Home / Romansa / Dilema Suami Bayaran / 5. Kecurigaan Annisa

Share

5. Kecurigaan Annisa

Author: diara_di
last update Huling Na-update: 2022-02-04 15:53:49

Annisa Yuzawa sedang berkeliling mall bersama Denis. Ia telah menghabiskan waktu setengah hari penuh di tempat perbelanjaan tersebut. Dari mulai berbelanja pakaian, perhiasan, hingga singgah ke tempat permainan yang disediakan mall.

Denis dengan telaten membawakan kantong belanjaan milik Annisa. Ia sangat bertanggung jawab akan tugasnya menjaga sang anak bos. Denis sebenarnya lebih merasa iba pada sosok Annisa Yuzawa. Meski Annisa terlahir dari keluarga bergelimang harta, tetapi ia tak bisa menikmatinya lahir batin.

Kebahagiaan yang Annisa rasakan kala itu menulari relung batin Denis. Meskipun Denis sudah lelah, ia tak mengeluhkannya sama sekali. Jarang ia bisa melihat tawa renyah Annisa Yuzawa.

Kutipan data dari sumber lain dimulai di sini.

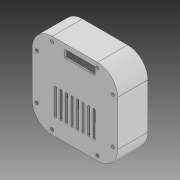
# Autodesk Inventor part: J1_Base
Saved by Autodesk Inventor 2020 (Build 240168000, 168)
## iProperties
Created: 2021-03-23
Part Number: J1_Base
Material: Generic
Document SubType Name: Modeling
Designer: DDeGo
Density: 1 g/cm^3
Appearance: Default
Author: DDeGo
Autodesk Inventor part; units mm, degrees
ref_plane "YZ Plane" through (0, 0, 0) normal (1, 0, 0) x (0, 1, 0)
ref_plane "XZ Plane" through (0, 0, 0) normal (0, 1, 0) x (-1, 0, 0)
ref_plane "XY Plane" through (0, 0, 0) normal (0, 0, 1) x (1, 0, 0)
sketch "Block1" plane through (0, 0, 0) normal (0, 0, 1) x (1, 0, 0)
  circle A0 centre (112.1187, 97.7562) radius 2.75
  line L0 (90.8687, 90.2562) -> (90.8687, 49.9679) construction
  circle A1 centre (83.3687, 50.2562) radius 2.75
  line L1 (75.8687, 49.9679) -> (75.8687, 122.7562) construction
  line L2 (75.8687, 49.9679) -> (90.8687, 49.9679) construction
  circle A2 centre (83.3687, 115.2562) radius 2.75
  line L3 (90.8687, 90.2562) -> (190.8687, 90.2562) construction
  line L4 (75.8687, 122.7562) -> (205.8687, 122.7562) construction
  circle A3 centre (140.8687, 115.2562) radius 2.75
  circle A4 centre (169.6187, 97.7562) radius 2.75
  circle A5 centre (198.3687, 115.2562) radius 2.75
  line L5 (190.8687, 90.2562) -> (190.8687, 40.2562) construction
  line L6 (205.8687, 40.2562) -> (205.8687, 122.7562) construction
  circle A6 centre (198.3687, 50.2562) radius 2.75
  line L7 (205.8687, 40.2562) -> (190.8687, 40.2562) construction
  line L8 (83.3687, 115.2562) -> (140.8687, 115.2562) construction
  line L9 (140.8687, 115.2562) -> (198.3687, 115.2562) construction
  line L10 (198.3687, 115.2562) -> (198.3687, 50.2562) construction
  line L11 (198.3687, 50.2562) -> (83.3687, 50.2562) construction
  line L12 (83.3687, 50.2562) -> (83.3687, 115.2562) construction
  line L13 (112.1187, 115.2562) -> (112.1187, 97.7562) construction
  line L14 (169.6187, 115.2562) -> (169.6187, 97.7562) construction
  line L15 (169.6187, 97.7562) -> (112.1187, 97.7562) construction
  point P0 (142.3997, 87.8737)
  point P1 (140.8687, 90.2562)
  point P2 (140.8687, 90.2562)
  dimension "d9" = 5.5
  dimension "d10" = 57.5
  dimension "d11" = 7.5
  dimension "d12" = 7.5
  dimension "d13" = 7.5
  dimension "d14" = 17.5
  dimension "d15" = 7.5
  dimension "d16" = 10
  dimension "d17" = 65
  dimension "d18" = 7.5
  dimension "d19" = 7.5
  measures "d9" diameter of A0
  measures "d10" distance of L8.start L8.end
  measures "d11" distance between parallel lines of L6 L10
  measures "d12" distance between parallel lines of L4 L9
  measures "d13" distance between parallel lines of L1 L12
  measures "d14" distance of L13.start L13.end
  measures "d15" distance between parallel lines of L3 L15
  measures "d16" distance between parallel lines of L7 L11
  measures "d17" distance of L9.end L10.end
  measures "d18" distance from line of L5 L10.end
  measures "d19" distance between parallel lines of L12 L0
sketch "Sketch1" plane through (0, 0, 0) normal (0, 0, 1) x (1, 0, 0)
  line L0 (45, -85) -> (-45, -85)
  line L1 (-85, -45) -> (-85, 45)
  line L2 (-45, 85) -> (45, 85)
  line L3 (85, 45) -> (85, -45)
  line L4 (85, -85) -> (-85, 85) construction
  line L5 (-85, -85) -> (85, 85) construction
  arc A0 (-45, 85) -> (-85, 45) centre (-45, 45) ccw
  arc A1 (85, 45) -> (45, 85) centre (45, 45) ccw
  arc A2 (45, -85) -> (85, -45) centre (45, -45) ccw
  arc A3 (-85, -45) -> (-45, -85) centre (-45, -45) ccw
  point P0 (0, 0)
  dimension "d1" = 170
  dimension "d2" = 170
  dimension "d3" = 40
  constraints: 12 end point, 8 point on circle, 8 point on line, 8 tangent, 4 centre point, 3 equal radius, 2 midpoint, 2 parallel, 1 horizontal, 1 perpendicular
  measures "d1" distance between parallel lines of L3 L1
  measures "d2" distance between parallel lines of L0 L2
  measures "d3" radius of A0
extrude "Extrusion1" add sketch "Sketch1" along normal blind 60
sketch "Sketch2" plane through (0, 0, 60) normal (0, 0, 1) x (1, 0, 0)
  line L0 (0, 0) -> (-85, 0) construction
  line L1 (-85, 45) -> (-85, -45) projected
  line L2 (0, 0) -> (0, 52.5) construction
  line L3 (45, 85) -> (-45, 85) projected
  circle A0 centre (-28.75, 60) radius 2.75
  line L4 (-50, 52.5) -> (-50, 12.2116) construction
  circle A1 centre (-57.5, 12.5) radius 2.75
  line L5 (-65, 12.2116) -> (-65, 85) construction
  line L6 (-65, 12.2116) -> (-50, 12.2116) construction
  circle A2 centre (-57.5, 77.5) radius 2.75
  line L7 (-50, 52.5) -> (50, 52.5) construction
  line L8 (-65, 85) -> (65, 85) construction
  circle A3 centre (0, 77.5) radius 2.75
  circle A4 centre (28.75, 60) radius 2.75
  circle A5 centre (57.5, 77.5) radius 2.75
  line L9 (50, 52.5) -> (50, 2.5) construction
  line L10 (65, 2.5) -> (65, 85) construction
  circle A6 centre (57.5, 12.5) radius 2.75
  line L11 (65, 2.5) -> (50, 2.5) construction
  line L12 (-57.5, 77.5) -> (0, 77.5) construction
  line L13 (0, 77.5) -> (57.5, 77.5) construction
  line L14 (57.5, 77.5) -> (57.5, 12.5) construction
  line L15 (57.5, 12.5) -> (-57.5, 12.5) construction
  line L16 (-57.5, 12.5) -> (-57.5, 77.5) construction
  line L17 (-28.75, 77.5) -> (-28.75, 60) construction
  line L18 (28.75, 77.5) -> (28.75, 60) construction
  line L19 (28.75, 60) -> (-28.75, 60) construction
  circle A7 centre (-28.75, -60) radius 2.75
  line L20 (-50, -52.5) -> (-50, -12.2116) construction
  circle A8 centre (-57.5, -12.5) radius 2.75
  line L21 (-65, -12.2116) -> (-65, -85) construction
  line L22 (-65, -12.2116) -> (-50, -12.2116) construction
  circle A9 centre (-57.5, -77.5) radius 2.75
  line L23 (-50, -52.5) -> (50, -52.5) construction
  line L24 (-65, -85) -> (65, -85) construction
  circle A10 centre (0, -77.5) radius 2.75
  circle A11 centre (28.75, -60) radius 2.75
  circle A12 centre (57.5, -77.5) radius 2.75
  line L25 (50, -52.5) -> (50, -2.5) construction
  line L26 (65, -2.5) -> (65, -85) construction
  circle A13 centre (57.5, -12.5) radius 2.75
  line L27 (65, -2.5) -> (50, -2.5) construction
  line L28 (-57.5, -77.5) -> (0, -77.5) construction
  line L29 (0, -77.5) -> (57.5, -77.5) construction
  line L30 (57.5, -77.5) -> (57.5, -12.5) construction
  line L31 (57.5, -12.5) -> (-57.5, -12.5) construction
  line L32 (-57.5, -12.5) -> (-57.5, -77.5) construction
  line L33 (-28.75, -77.5) -> (-28.75, -60) construction
  line L34 (28.75, -77.5) -> (28.75, -60) construction
  line L35 (28.75, -60) -> (-28.75, -60) construction
  constraints: 4 end point, 2 horizontal, 1 midpoint, 1 vertical, 2 other
extrude "Extrusion2" [suppressed]
ref_plane "Work Plane1" through (0, 0, -15) normal (0, 0, -1) x (-1, 0, 0)
sketch "Sketch3" plane through (0, 0, -15) normal (0, 0, -1) x (-1, 0, 0)
  circle A0 centre (0, 0) radius 87.5
  line L0 (-85, -45) -> (-85, 45) construction
  dimension "d27" = 175
  constraints: 1 centre point, 1 coincident
  measures "d27" diameter of A0
sketch "Sketch4" plane through (0, 0, 0) normal (0, 0, -1) x (-1, 0, 0)
  line L0 (-85, -45) -> (-85, 45) projected
  arc A0 (-85, -45) -> (-45, -85) centre (-45, -45) ccw projected
  line L1 (45, -85) -> (-45, -85) projected
  arc A1 (45, -85) -> (85, -45) centre (45, -45) ccw projected
  line L2 (85, 45) -> (85, -45) projected
  arc A2 (85, 45) -> (45, 85) centre (45, 45) ccw projected
  line L3 (-45, 85) -> (45, 85) projected
  arc A3 (-45, 85) -> (-85, 45) centre (-45, 45) ccw projected
  point P0 (0, 0)
loft "Loft1" add profiles "Sketch3", "Sketch4"
sketch "Sketch5" plane through (0, 0, -15) normal (0, 0, -1) x (-1, 0, 0)
  arc A0 (-37.1204, 79.2359) -> (-77.3314, 40.9402) centre (0, 0) ccw projected
  arc A1 (-77.3314, 40.9402) -> (-77.3314, -40.9402) centre (0, 0) ccw projected
  arc A2 (-77.3314, -40.9402) -> (-40.9402, -77.3314) centre (0, 0) ccw projected
  arc A3 (-40.9402, -77.3314) -> (40.9402, -77.3314) centre (0, 0) ccw projected
  arc A4 (40.9402, -77.3314) -> (77.3314, -40.9402) centre (0, 0) ccw projected
  arc A5 (77.3314, -40.9402) -> (77.3314, 40.9402) centre (0, 0) ccw projected
  arc A6 (77.3314, 40.9402) -> (40.9402, 77.3314) centre (0, 0) ccw projected
  arc A7 (40.9402, 77.3314) -> (-37.1204, 79.2359) centre (0, 0) ccw projected
extrude "Extrusion3" add sketch "Sketch5" along normal blind 5
ref_plane "Work Plane2" through (0, 0, 57) normal (0, 0, 1) x (1, 0, 0)
sketch "Sketch6" plane through (0, 0, 57) normal (0, 0, 1) x (1, 0, 0)
  arc A0 (-45, 85) -> (-85, 45) centre (-45, 45) ccw projected
  line L0 (-85, 45) -> (-85, -45) projected
  arc A1 (-85, -45) -> (-45, -85) centre (-45, -45) ccw projected
  line L1 (-45, -85) -> (45, -85) projected
  arc A2 (45, -85) -> (85, -45) centre (45, -45) ccw projected
  line L2 (85, -45) -> (85, 45) projected
  arc A3 (85, 45) -> (45, 85) centre (45, 45) ccw projected
  line L3 (45, 85) -> (-45, 85) projected
  line L4 (-81, -45) -> (-81, 45)
  arc A4 (-45, 81) -> (-81, 45) centre (-45, 45) ccw
  line L5 (-45, 81) -> (45, 81)
  arc A5 (81, 45) -> (45, 81) centre (45, 45) ccw
  line L6 (81, 45) -> (81, -45)
  arc A6 (45, -81) -> (81, -45) centre (45, -45) ccw
  line L7 (45, -81) -> (-45, -81)
  arc A7 (-81, -45) -> (-45, -81) centre (-45, -45) ccw
  line L8 (-85, 45) -> (-85, -45) projected
  point P0 (0, 0)
  dimension "d29" = 4
  constraints: 8 end point, 8 point on circle, 4 centre point, 7 other
  measures "d29" distance between parallel lines of L8 L4
ref_plane "Work Plane3" through (85, -45, 0) normal (0, 0, -1) x (-1, 0, 0)
sketch "Sketch7" plane through (85, -45, 0) normal (0, 0, -1) x (-1, 0, 0)
  arc A0 (170, 90) -> (130, 130) centre (130, 90) ccw projected
  line L0 (170, 90) -> (170, 0) projected
  arc A1 (130, -40) -> (170, 0) centre (130, 0) ccw projected
  line L1 (130, -40) -> (40, -40) projected
  arc A2 (0, 0) -> (40, -40) centre (40, 0) ccw projected
  line L2 (0, 0) -> (0, 90) projected
  arc A3 (40, 130) -> (0, 90) centre (40, 90) ccw projected
  line L3 (40, 130) -> (130, 130) projected
  line L4 (166, 0) -> (166, 90)
  arc A4 (166, 90) -> (130, 126) centre (130, 90) ccw
  line L5 (130, 126) -> (40, 126)
  arc A5 (40, 126) -> (4, 90) centre (40, 90) ccw
  line L6 (4, 90) -> (4, 0)
  arc A6 (4, 0) -> (40, -36) centre (40, 0) ccw
  line L7 (40, -36) -> (130, -36)
  arc A7 (130, -36) -> (166, 0) centre (130, 0) ccw
  point P0 (85, 45)
  dimension "d30" = 4
  constraints: 8 end point, 8 point on circle, 4 centre point, 7 other
  measures "d30" distance between parallel lines of L0 L4
extrude "Extrusion4" cut sketch "Sketch6" against normal up to surface (57 mm away) contours L4 A4 L5 A5 L6 A6 L7 A7
sketch "Sketch8" plane through (0, 0, -20) normal (0, 0, -1) x (-1, 0, 0)
  circle A0 centre (0, 0) radius 72.5
  dimension "d33" = 145
  constraints: 1 centre point, 1 coincident
  measures "d33" diameter of A0
extrude "Extrusion5" cut sketch "Sketch8" against normal blind 29.75
sketch "Sketch9" plane through (-81, -45, 57) normal (-1, 0, 0) x (0, 0, 1)
  line L0 (-13.6892, 69.9987) -> (-53.6892, 69.9987) construction
  line L1 (-53.6892, 69.9987) -> (-53.6892, 29.9987) construction
  line L2 (-53.6892, 29.9987) -> (-13.6892, 29.9987) construction
  line L3 (-13.6892, 29.9987) -> (-13.6892, 69.9987) construction
  line L4 (-13.6892, 69.9987) -> (-53.6892, 29.9987) construction
  line L5 (-53.6892, 69.9987) -> (-13.6892, 29.9987) construction
  circle A0 centre (-33.6892, 49.9987) radius 19
  point P0 (-57, 45)
  dimension "d36" = 40
  dimension "d37" = 40
  dimension "d38" = 38
  constraints: 12 end point, 2 midpoint, 2 parallel, 1 centre point, 1 coincident, 1 horizontal, 1 perpendicular
  measures "d36" distance of L0.end L1.end
  measures "d37" distance of L1.end L2.end
  measures "d38" diameter of A0
extrude "Extrusion6" cut sketch "Sketch9" along normal through all
sketch "Sketch10" plane through (0, 0, 57) normal (0, 0, -1) x (-1, 0, 0)
  line L0 (20, 60.5) -> (-40, 60.5)
  line L1 (-40, 60.5) -> (-40, 75.4)
  line L2 (-40, 75.4) -> (20, 75.4)
  line L3 (20, 75.4) -> (20, 60.5)
  line L4 (-45, 85) -> (45, 85) projected
  point P0 (0, 0)
  point P1 (0, 85)
  dimension "d69" = 9.6
  dimension "d70" = 24.5
  dimension "d71" = 20
  dimension "d72" = 40
  constraints: 8 end point, 2 parallel, 1 horizontal, 1 midpoint, 1 perpendicular
  measures "d69" distance between parallel lines of L4 L2
  measures "d70" distance between parallel lines of L4 L0
  measures "d71" distance from line of L3 point (0, 85)
  measures "d72" distance from line of L1 point (0, 85)
extrude "Extrusion7" cut sketch "Sketch10" against normal through all
sketch "Sketch11" plane through (0, 0, 60) normal (0, 0, 1) x (1, 0, 0)
  line L0 (-38.2933, -49.6427) -> (-38.2933, 0.3573) construction
  line L1 (-40.2933, -49.6427) -> (-40.2933, 0.3573)
  line L2 (-36.2933, 0.3573) -> (-36.2933, -49.6427)
  arc A0 (-40.2933, -49.6427) -> (-36.2933, -49.6427) centre (-38.2933, -49.6427) ccw
  arc A1 (-36.2933, 0.3573) -> (-40.2933, 0.3573) centre (-38.2933, 0.3573) ccw
  line L3 (0, 0) -> (68.8945, 0) construction
  line L4 (-27.2933, -49.6427) -> (-27.2933, 0.3573) construction
  line L5 (-29.2933, -49.6427) -> (-29.2933, 0.3573)
  line L6 (-25.2933, 0.3573) -> (-25.2933, -49.6427)
  arc A2 (-29.2933, -49.6427) -> (-25.2933, -49.6427) centre (-27.2933, -49.6427) ccw
  arc A3 (-25.2933, 0.3573) -> (-29.2933, 0.3573) centre (-27.2933, 0.3573) ccw
  line L7 (-16.2933, -49.6427) -> (-16.2933, 0.3573) construction
  line L8 (-18.2933, -49.6427) -> (-18.2933, 0.3573)
  line L9 (-14.2933, 0.3573) -> (-14.2933, -49.6427)
  arc A4 (-18.2933, -49.6427) -> (-14.2933, -49.6427) centre (-16.2933, -49.6427) ccw
  arc A5 (-14.2933, 0.3573) -> (-18.2933, 0.3573) centre (-16.2933, 0.3573) ccw
  line L10 (-5.2933, -49.6427) -> (-5.2933, 0.3573) construction
  line L11 (-7.2933, -49.6427) -> (-7.2933, 0.3573)
  line L12 (-3.2933, 0.3573) -> (-3.2933, -49.6427)
  arc A6 (-7.2933, -49.6427) -> (-3.2933, -49.6427) centre (-5.2933, -49.6427) ccw
  arc A7 (-3.2933, 0.3573) -> (-7.2933, 0.3573) centre (-5.2933, 0.3573) ccw
  line L13 (5.7067, -49.6427) -> (5.7067, 0.3573) construction
  line L14 (3.7067, -49.6427) -> (3.7067, 0.3573)
  line L15 (7.7067, 0.3573) -> (7.7067, -49.6427)
  arc A8 (3.7067, -49.6427) -> (7.7067, -49.6427) centre (5.7067, -49.6427) ccw
  arc A9 (7.7067, 0.3573) -> (3.7067, 0.3573) centre (5.7067, 0.3573) ccw
  line L16 (16.7067, -49.6427) -> (16.7067, 0.3573) construction
  line L17 (14.7067, -49.6427) -> (14.7067, 0.3573)
  line L18 (18.7067, 0.3573) -> (18.7067, -49.6427)
  arc A10 (14.7067, -49.6427) -> (18.7067, -49.6427) centre (16.7067, -49.6427) ccw
  arc A11 (18.7067, 0.3573) -> (14.7067, 0.3573) centre (16.7067, 0.3573) ccw
  line L19 (27.7067, -49.6427) -> (27.7067, 0.3573) construction
  line L20 (25.7067, -49.6427) -> (25.7067, 0.3573)
  line L21 (29.7067, 0.3573) -> (29.7067, -49.6427)
  arc A12 (25.7067, -49.6427) -> (29.7067, -49.6427) centre (27.7067, -49.6427) ccw
  arc A13 (29.7067, 0.3573) -> (25.7067, 0.3573) centre (27.7067, 0.3573) ccw
  line L22 (38.7067, -49.6427) -> (38.7067, 0.3573) construction
  line L23 (36.7067, -49.6427) -> (36.7067, 0.3573)
  line L24 (40.7067, 0.3573) -> (40.7067, -49.6427)
  arc A14 (36.7067, -49.6427) -> (40.7067, -49.6427) centre (38.7067, -49.6427) ccw
  arc A15 (40.7067, 0.3573) -> (36.7067, 0.3573) centre (38.7067, 0.3573) ccw
  point P0 (-38.2933, -24.6427)
  point P1 (-27.2933, -24.6427)
  point P2 (-16.2933, -24.6427)
  point P3 (-5.2933, -24.6427)
  point P4 (5.7067, -24.6427)
  point P5 (16.7067, -24.6427)
  point P6 (27.7067, -24.6427)
  point P7 (38.7067, -24.6427)
  dimension "d43" = 50
  dimension "d44" = 2
  dimension "d47" = 11
  constraints: 66 end point, 32 point on circle, 16 centre point, 4 tangent, 2 horizontal, 1 midpoint, 1 parallel, 1 vertical, 84 other
  measures "d43" distance of L0.start L0.end
  measures "d44" radius of A1
  measures "d47" distance of L1.start L5.start
extrude "Extrusion8" cut sketch "Sketch11" against normal blind 10
sketch "Sketch12" plane through (-45, 81, 0) normal (0, 0, 1) x (1, 0, 0)
  circle A0 centre (38.7385, -72.8833) radius 193.3593
  point P0 (45, -81)
  constraints: 1 centre point
extrude "SnipSnip" cut sketch "Sketch12" against normal through all
sketch "Sketch13" plane through (-45, -85, 60) normal (0, -1, 0) x (1, 0, 0)
  line L0 (-0.9101, -8.6737) -> (19.7466, -8.6737)
  line L1 (19.7466, -8.6737) -> (19.7466, -23.4777)
  line L2 (19.7466, -23.4777) -> (-0.9101, -23.4777)
  line L3 (-0.9101, -23.4777) -> (-0.9101, -8.6737)
  line L4 (61.8635, -8.6737) -> (77.0118, -8.6737)
  line L5 (77.0118, -8.6737) -> (77.0118, -15.7888)
  line L6 (77.0118, -15.7888) -> (61.8635, -15.7888)
  line L7 (61.8635, -15.7888) -> (61.8635, -8.6737)
  point P0 (45, -60)
  constraints: 16 end point, 4 parallel, 2 horizontal, 2 perpendicular, 1 point on line
extrude "Extrusion10" cut sketch "Sketch13" against normal blind 10
sketch "Sketch14" plane through (-45, 81, 0) normal (0, 0, -1) x (-1, 0, 0)
  arc A0 (0, -162) -> (36, -126) centre (0, -126) ccw projected
  line L0 (0, -162) -> (-90, -162) projected
  arc A1 (-126, -126) -> (-90, -162) centre (-90, -126) ccw projected
  line L1 (-126, -126) -> (-126, -36) projected
  arc A2 (-90, 0) -> (-126, -36) centre (-90, -36) ccw projected
  line L2 (-90, 0) -> (0, 0) projected
  arc A3 (36, -36) -> (0, 0) centre (0, -36) ccw projected
  line L3 (36, -36) -> (36, -126) projected
  arc A4 (-90, 4) -> (-130, -36) centre (-90, -36) ccw projected
  line L4 (-130, -126) -> (-130, -36) projected
  arc A5 (-130, -126) -> (-90, -166) centre (-90, -126) ccw projected
  line L5 (0, -166) -> (-90, -166) projected
  arc A6 (0, -166) -> (40, -126) centre (0, -126) ccw projected
  line L6 (40, -36) -> (40, -126) projected
  arc A7 (40, -36) -> (0, 4) centre (0, -36) ccw projected
  line L7 (-90, 4) -> (0, 4) projected
  line L8 (-90, -36) -> (-90, -5.5) construction
  line L9 (-90, -36) -> (-120.5, -36) construction
  line L10 (-90, -36) -> (-45, -81) construction
  circle A8 centre (-120.5, -36) radius 3.1
  circle A9 centre (-90, -5.5) radius 3.1
  arc A10 (-95.5, -5.5) -> (-84.5, -5.5) centre (-90, -5.5) ccw
  line L11 (-90, 0) -> (0, 0) projected
  arc A11 (-120.5, -41.5) -> (-120.5, -30.5) centre (-120.5, -36) ccw
  line L12 (-126, -126) -> (-126, -36) projected
  line L13 (-120.5, -41.5) -> (-126, -41.5)
  line L14 (-120.5, -30.5) -> (-126, -30.5)
  line L15 (-95.5, -5.5) -> (-95.5, 0)
  line L16 (-84.5, -5.5) -> (-84.5, 0)
  line L17 (-84.5, -156.5) -> (-84.5, -162)
  arc A12 (-84.5, -156.5) -> (-95.5, -156.5) centre (-90, -156.5) ccw
  line L18 (-95.5, -156.5) -> (-95.5, -162)
  circle A13 centre (-90, -156.5) radius 3.1
  line L19 (-120.5, -120.5) -> (-126, -120.5)
  arc A14 (-120.5, -131.5) -> (-120.5, -120.5) centre (-120.5, -126) ccw
  circle A15 centre (-120.5, -126) radius 3.1
  line L20 (-120.5, -131.5) -> (-126, -131.5)
  line L21 (30.5, -120.5) -> (36, -120.5)
  arc A16 (30.5, -120.5) -> (30.5, -131.5) centre (30.5, -126) ccw
  line L22 (30.5, -131.5) -> (36, -131.5)
  circle A17 centre (30.5, -126) radius 3.1
  line L23 (-5.5, -156.5) -> (-5.5, -162)
  arc A18 (5.5, -156.5) -> (-5.5, -156.5) centre (0, -156.5) ccw
  circle A19 centre (0, -156.5) radius 3.1
  line L24 (5.5, -156.5) -> (5.5, -162)
  line L25 (-5.5, -5.5) -> (-5.5, 0)
  arc A20 (-5.5, -5.5) -> (5.5, -5.5) centre (0, -5.5) ccw
  line L26 (5.5, -5.5) -> (5.5, 0)
  circle A21 centre (0, -5.5) radius 3.1
  line L27 (30.5, -41.5) -> (36, -41.5)
  arc A22 (30.5, -30.5) -> (30.5, -41.5) centre (30.5, -36) ccw
  circle A23 centre (30.5, -36) radius 3.1
  line L28 (30.5, -30.5) -> (36, -30.5)
  point P0 (-90, -162)
  point P1 (-90, -166)
  point P2 (-126, -126)
  point P3 (-130, -126)
  point P4 (36, -126)
  point P5 (40, -126)
  point P6 (0, -166)
  point P7 (0, 0)
  point P8 (0, 4)
  point P9 (36, -36)
  point P10 (40, -36)
  point P11 (36, -41.5)
  point P12 (35.5774, -30.5)
  point P13 (35.5774, -131.5)
  point P14 (36, -120.5)
  point P15 (-125.5774, -131.5)
  point P16 (-125.5774, -30.5)
  point P17 (-126, -41.5)
  point P18 (-84.5, 0)
  point P19 (-95.5, -0.4226)
  point P20 (5.5, -0.4226)
  point P21 (-5.5, 0)
  point P22 (-5.5, -162)
  point P23 (5.5, -161.5774)
  point P24 (-95.5, -161.5774)
  point P25 (-84.5, -162)
  dimension "d58" = 5.5
  dimension "d59" = 45
  dimension "d60" = 6.2
  dimension "d63" = 360
  dimension "d73" = 9.5
  constraints: 38 end point, 16 centre point, 16 coincident, 16 point on circle, 6 tangent, 5 perpendicular, 4 point on line, 1 equal radius, 106 other
  measures "d58" distance from line of L2 L8.end
  measures "d59" angle of L10 L8
  measures "d60" diameter of A9
  measures "d73" distance from line of L7 L8.end
extrude "Extrusion11" add sketch "Sketch14" against normal up to surface (57 mm away) contours L0 L23 A18 L24 A0 | L22 A16 L21 L3 A0 | L0 A1 L18 A12 L17 | L27 A22 L28 A3 L3 | A1 L1 L19 A14 L20 | L26 A20 L25 L2 A3 | L1 A2 L14 A11 L13 | L16 A10 L15 A2 L2
sketch "Sketch15" plane through (-45, 81, 0) normal (0, 0, -1) x (-1, 0, 0)
  circle A0 centre (-120.5, -36) radius 3.1 projected
  circle A1 centre (-120.5, -126) radius 3.1 projected
  circle A2 centre (30.5, -126) radius 3.1 projected
  circle A3 centre (30.5, -36) radius 3.1 projected
  circle A4 centre (-90, -156.5) radius 3.1 projected
  circle A5 centre (0, -156.5) radius 3.1 projected
  circle A6 centre (-90, -5.5) radius 3.1 projected
  circle A7 centre (0, -5.5) radius 3.1 projected
  point P0 (-45, -81)
extrude "Extrusion12" cut sketch "Sketch15" against normal through all
equation "\"d12\" = d11"
equation "\"d13\" = d11"
equation "\"d15\" = d11"
equation "\"d18\" = d11"
equation "\"d19\" = d11"
body "Solid1"

Banyak pasang mata yang menatap aneh ke arah mereka berdua. Ya, karena tempat itu merupakan taman bermain yang dikhususkan untuk anak-anak. Annisa memainkan beberapa permainan sampai yang terakhir adalah street basketball.

"Kak, aku kayak lihat Beby dan Mami, Papi juga," seru Annisa, ia tiba-tiba menghentikan gerak tangannya yang hendak memasukkan bola ke dalam ring.

"Di mana? Nggak mungkin lah Nis kalau Pak Hiro ada di sini. Beliau sedang di kantor, Ibu juga lagi sibuk ngurus bisnis barunya," jawab Denis datar.

Tanpa aba-aba, Annisa Yuzawa melengos pergi meninggalkan tempat itu. Denis yang belum bersiap, sedikit kewalahan akibat kantong belanjaan ia taruh di lemari penitipan barang. Ia dengan cepat menyerobot semua kantong saat pramuniaga mengulurkan ke tangan Denis.

"Tunggu, Nis ... ! Tungguin, Kakak." Denis berteriak tanpa menghiraukan lalu lalang pengunjung lain.

Ponsel Denis di dalam saku celana berdering, getarnya amat mengganggu. Ia kebingungan, antara mengejar Annisa atau menjawab panggilan tersebut lebih dahulu.

Denis mencoba mengalihkan kantong belanjaan ke tangan kiri, selanjutnya ia merogoh saku celana. Ketakutan dengan cepat menyergap dada Denis saat ia melihat nama sang penelepon.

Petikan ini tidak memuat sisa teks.